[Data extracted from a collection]
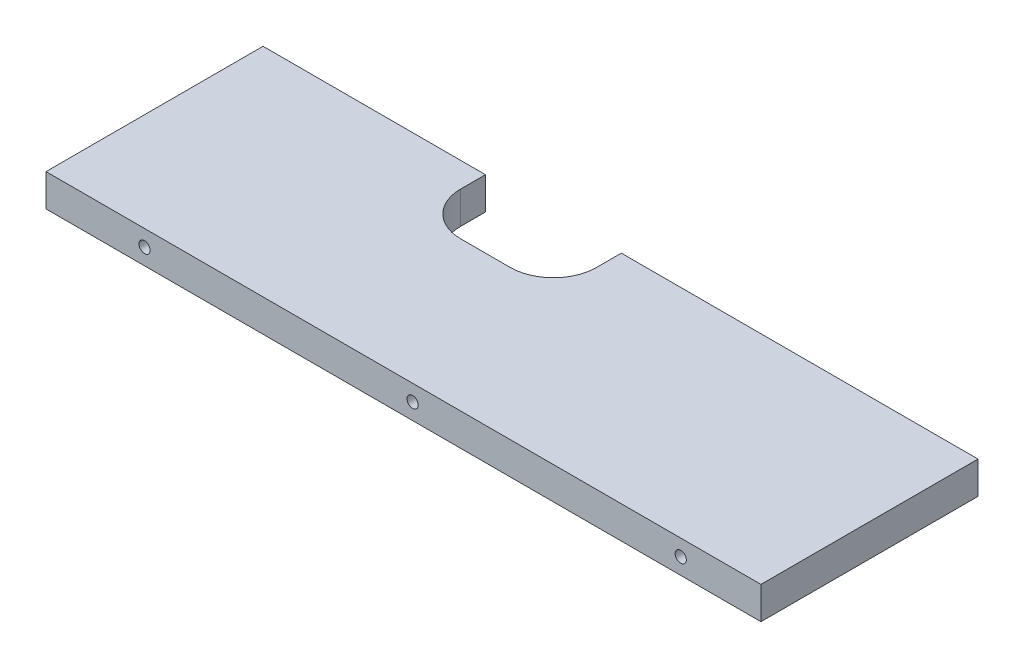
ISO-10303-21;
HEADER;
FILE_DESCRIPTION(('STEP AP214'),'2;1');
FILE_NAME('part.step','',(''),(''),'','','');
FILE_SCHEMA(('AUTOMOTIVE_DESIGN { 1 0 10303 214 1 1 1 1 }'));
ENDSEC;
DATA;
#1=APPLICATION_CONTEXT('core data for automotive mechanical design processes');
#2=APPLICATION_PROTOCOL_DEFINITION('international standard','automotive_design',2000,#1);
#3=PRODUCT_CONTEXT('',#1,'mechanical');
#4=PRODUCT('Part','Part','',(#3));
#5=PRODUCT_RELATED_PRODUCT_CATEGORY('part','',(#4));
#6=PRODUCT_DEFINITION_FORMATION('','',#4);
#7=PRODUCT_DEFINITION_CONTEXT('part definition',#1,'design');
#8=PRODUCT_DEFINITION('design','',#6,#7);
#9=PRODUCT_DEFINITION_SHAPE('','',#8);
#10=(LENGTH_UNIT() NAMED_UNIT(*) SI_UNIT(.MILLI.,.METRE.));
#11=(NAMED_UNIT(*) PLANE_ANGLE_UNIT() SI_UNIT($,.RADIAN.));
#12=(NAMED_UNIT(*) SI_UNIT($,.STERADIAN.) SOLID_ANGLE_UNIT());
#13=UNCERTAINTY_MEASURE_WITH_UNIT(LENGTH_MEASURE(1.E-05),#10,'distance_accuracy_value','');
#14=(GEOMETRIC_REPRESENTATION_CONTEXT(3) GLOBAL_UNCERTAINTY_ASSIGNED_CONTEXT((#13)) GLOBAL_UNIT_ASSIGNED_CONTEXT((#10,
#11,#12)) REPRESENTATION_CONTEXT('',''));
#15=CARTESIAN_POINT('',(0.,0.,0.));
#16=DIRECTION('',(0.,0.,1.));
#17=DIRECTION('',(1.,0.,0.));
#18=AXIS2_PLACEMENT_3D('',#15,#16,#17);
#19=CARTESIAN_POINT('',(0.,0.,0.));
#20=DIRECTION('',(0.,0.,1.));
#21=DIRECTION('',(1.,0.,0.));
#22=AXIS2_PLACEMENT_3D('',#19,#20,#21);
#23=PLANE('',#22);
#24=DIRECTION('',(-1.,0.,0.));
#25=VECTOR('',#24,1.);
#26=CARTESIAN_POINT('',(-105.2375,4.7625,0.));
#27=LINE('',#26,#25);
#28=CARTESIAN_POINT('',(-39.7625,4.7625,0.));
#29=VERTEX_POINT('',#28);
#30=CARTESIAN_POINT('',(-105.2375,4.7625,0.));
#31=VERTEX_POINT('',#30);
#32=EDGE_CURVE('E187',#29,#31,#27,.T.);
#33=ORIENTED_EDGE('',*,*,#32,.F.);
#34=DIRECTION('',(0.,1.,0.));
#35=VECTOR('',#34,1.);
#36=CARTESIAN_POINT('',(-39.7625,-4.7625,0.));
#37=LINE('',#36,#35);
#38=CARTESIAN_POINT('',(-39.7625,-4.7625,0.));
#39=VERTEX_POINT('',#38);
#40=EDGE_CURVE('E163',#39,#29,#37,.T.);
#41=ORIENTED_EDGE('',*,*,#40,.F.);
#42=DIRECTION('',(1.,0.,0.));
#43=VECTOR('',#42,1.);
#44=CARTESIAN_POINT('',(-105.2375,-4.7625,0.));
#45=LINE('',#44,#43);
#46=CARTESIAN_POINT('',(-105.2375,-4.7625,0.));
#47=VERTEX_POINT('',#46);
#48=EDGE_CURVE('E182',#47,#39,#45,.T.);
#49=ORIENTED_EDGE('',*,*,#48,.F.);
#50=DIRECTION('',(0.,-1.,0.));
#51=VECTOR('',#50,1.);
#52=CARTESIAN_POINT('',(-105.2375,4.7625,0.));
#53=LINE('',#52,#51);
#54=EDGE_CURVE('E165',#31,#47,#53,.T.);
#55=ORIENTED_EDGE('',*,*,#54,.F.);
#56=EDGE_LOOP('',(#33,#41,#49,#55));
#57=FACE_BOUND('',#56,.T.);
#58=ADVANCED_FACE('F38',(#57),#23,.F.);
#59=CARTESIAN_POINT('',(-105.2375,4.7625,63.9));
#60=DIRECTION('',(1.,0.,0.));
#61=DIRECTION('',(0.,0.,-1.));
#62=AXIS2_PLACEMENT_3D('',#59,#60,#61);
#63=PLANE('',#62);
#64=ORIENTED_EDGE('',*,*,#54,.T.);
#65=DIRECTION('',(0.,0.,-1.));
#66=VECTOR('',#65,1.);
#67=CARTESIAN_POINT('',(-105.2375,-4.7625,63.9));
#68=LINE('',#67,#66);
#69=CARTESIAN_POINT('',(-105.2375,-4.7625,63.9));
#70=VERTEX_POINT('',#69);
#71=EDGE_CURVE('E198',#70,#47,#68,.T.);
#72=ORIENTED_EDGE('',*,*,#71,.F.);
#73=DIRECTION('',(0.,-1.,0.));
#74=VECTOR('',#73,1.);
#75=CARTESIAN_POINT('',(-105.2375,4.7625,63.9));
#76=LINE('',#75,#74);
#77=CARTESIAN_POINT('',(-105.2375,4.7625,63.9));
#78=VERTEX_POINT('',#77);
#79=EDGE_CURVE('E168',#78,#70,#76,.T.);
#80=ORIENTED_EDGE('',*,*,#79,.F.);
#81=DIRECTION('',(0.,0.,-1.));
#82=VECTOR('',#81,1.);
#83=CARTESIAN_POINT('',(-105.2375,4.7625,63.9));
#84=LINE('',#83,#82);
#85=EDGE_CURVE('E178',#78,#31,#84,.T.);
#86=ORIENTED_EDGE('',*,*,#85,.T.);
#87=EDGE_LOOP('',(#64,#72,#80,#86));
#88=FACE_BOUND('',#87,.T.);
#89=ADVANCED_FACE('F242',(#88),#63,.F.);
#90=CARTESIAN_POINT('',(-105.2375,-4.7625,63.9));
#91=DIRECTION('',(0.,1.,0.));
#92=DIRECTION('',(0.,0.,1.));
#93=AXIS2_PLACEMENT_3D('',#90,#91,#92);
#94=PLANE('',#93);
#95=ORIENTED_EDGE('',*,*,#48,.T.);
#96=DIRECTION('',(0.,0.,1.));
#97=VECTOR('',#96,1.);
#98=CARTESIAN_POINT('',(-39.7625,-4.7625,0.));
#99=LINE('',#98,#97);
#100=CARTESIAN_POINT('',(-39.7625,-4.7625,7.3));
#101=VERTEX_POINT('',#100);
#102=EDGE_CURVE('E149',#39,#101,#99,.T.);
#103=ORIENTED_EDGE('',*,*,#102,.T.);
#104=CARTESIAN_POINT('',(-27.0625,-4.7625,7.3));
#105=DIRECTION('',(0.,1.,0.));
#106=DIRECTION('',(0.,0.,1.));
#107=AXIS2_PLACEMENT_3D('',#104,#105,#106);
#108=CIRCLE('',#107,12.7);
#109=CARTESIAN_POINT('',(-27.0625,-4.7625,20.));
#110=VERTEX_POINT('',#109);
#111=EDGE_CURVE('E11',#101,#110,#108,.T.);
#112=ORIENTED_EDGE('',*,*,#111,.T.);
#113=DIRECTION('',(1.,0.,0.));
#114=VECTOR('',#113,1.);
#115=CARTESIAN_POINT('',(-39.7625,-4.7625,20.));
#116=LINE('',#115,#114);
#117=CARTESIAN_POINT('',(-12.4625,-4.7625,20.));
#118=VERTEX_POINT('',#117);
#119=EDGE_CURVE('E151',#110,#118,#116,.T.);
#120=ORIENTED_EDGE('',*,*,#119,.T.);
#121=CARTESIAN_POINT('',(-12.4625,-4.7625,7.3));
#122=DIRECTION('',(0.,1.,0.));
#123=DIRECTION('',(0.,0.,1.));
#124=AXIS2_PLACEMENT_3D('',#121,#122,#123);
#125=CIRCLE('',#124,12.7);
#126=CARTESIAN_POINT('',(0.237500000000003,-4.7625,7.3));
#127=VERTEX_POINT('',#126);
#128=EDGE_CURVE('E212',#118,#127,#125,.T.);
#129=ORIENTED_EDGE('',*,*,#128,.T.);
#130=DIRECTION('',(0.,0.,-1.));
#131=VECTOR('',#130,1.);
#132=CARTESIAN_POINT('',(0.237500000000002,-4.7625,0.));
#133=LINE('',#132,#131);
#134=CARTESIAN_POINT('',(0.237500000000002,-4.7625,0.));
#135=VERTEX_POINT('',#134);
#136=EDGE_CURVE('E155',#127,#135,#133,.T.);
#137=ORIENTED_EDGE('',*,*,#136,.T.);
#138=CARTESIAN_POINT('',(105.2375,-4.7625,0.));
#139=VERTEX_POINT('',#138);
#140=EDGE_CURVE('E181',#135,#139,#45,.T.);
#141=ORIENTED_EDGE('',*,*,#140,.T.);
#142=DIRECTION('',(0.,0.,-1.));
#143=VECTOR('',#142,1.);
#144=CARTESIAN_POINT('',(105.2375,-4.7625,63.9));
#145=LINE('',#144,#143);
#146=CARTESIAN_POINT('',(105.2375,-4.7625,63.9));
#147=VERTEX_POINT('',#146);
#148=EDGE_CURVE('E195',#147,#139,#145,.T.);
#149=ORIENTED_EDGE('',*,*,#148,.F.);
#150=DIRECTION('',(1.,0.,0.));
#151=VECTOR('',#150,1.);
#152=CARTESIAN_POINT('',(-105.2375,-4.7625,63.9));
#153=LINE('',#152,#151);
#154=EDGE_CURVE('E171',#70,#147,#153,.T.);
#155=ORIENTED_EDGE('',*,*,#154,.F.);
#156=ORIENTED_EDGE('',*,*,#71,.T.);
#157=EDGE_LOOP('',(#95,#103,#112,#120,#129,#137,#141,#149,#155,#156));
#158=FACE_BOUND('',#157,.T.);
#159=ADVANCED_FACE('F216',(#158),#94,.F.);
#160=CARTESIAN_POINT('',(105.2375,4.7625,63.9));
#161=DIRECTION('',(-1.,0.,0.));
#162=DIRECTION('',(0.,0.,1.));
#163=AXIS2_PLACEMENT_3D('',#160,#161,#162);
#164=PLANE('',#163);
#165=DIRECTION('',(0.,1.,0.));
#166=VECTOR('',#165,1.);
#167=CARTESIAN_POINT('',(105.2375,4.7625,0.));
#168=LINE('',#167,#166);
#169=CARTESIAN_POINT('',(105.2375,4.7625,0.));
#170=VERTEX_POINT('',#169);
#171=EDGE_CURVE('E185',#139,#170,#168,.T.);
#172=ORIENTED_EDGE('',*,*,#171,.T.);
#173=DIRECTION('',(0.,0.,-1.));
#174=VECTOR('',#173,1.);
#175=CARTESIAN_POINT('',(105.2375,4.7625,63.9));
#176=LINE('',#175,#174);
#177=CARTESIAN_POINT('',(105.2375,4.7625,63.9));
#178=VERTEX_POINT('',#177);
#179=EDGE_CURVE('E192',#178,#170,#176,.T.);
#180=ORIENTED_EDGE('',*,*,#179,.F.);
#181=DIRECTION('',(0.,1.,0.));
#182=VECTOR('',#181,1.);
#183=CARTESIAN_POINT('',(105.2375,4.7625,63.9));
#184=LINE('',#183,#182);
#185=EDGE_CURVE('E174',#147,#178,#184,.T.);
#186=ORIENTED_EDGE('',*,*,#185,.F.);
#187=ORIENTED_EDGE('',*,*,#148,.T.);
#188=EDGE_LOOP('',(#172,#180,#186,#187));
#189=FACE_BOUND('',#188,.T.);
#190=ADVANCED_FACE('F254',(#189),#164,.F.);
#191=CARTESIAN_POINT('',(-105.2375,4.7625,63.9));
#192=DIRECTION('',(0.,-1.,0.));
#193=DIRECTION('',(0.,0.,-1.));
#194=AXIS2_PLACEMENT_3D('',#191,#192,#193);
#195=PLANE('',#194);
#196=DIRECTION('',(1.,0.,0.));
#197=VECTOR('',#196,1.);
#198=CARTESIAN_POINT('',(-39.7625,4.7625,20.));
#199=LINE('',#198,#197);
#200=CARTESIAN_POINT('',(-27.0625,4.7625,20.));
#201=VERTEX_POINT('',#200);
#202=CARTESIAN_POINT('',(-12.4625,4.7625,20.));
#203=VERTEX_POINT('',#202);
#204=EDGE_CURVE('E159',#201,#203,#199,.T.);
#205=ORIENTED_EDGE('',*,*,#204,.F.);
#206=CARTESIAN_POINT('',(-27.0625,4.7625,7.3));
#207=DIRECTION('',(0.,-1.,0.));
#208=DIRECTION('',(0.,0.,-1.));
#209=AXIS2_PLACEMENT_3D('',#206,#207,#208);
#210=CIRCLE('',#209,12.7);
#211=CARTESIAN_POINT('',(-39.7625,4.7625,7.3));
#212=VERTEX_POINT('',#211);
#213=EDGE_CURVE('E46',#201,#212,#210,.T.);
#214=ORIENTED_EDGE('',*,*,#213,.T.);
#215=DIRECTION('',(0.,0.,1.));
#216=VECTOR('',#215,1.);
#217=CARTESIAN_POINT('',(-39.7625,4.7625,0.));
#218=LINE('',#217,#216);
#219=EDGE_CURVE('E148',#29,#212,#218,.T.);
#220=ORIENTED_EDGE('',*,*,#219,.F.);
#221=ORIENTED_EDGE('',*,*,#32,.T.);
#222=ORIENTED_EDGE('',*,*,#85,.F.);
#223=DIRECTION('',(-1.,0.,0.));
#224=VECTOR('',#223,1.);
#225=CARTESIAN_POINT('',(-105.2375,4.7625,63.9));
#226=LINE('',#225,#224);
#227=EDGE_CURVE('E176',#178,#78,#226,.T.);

### Exercise objective
Above are the entries. Copy exactly the part that opens with the line containing "#133=LINE('',#132,#131);" and closes with the line containing "#156=ORIENTED_EDGE('',*,*,#71,.T.);", and no more.

### Task response
#133=LINE('',#132,#131);
#134=CARTESIAN_POINT('',(0.237500000000002,-4.7625,0.));
#135=VERTEX_POINT('',#134);
#136=EDGE_CURVE('E155',#127,#135,#133,.T.);
#137=ORIENTED_EDGE('',*,*,#136,.T.);
#138=CARTESIAN_POINT('',(105.2375,-4.7625,0.));
#139=VERTEX_POINT('',#138);
#140=EDGE_CURVE('E181',#135,#139,#45,.T.);
#141=ORIENTED_EDGE('',*,*,#140,.T.);
#142=DIRECTION('',(0.,0.,-1.));
#143=VECTOR('',#142,1.);
#144=CARTESIAN_POINT('',(105.2375,-4.7625,63.9));
#145=LINE('',#144,#143);
#146=CARTESIAN_POINT('',(105.2375,-4.7625,63.9));
#147=VERTEX_POINT('',#146);
#148=EDGE_CURVE('E195',#147,#139,#145,.T.);
#149=ORIENTED_EDGE('',*,*,#148,.F.);
#150=DIRECTION('',(1.,0.,0.));
#151=VECTOR('',#150,1.);
#152=CARTESIAN_POINT('',(-105.2375,-4.7625,63.9));
#153=LINE('',#152,#151);
#154=EDGE_CURVE('E171',#70,#147,#153,.T.);
#155=ORIENTED_EDGE('',*,*,#154,.F.);
#156=ORIENTED_EDGE('',*,*,#71,.T.);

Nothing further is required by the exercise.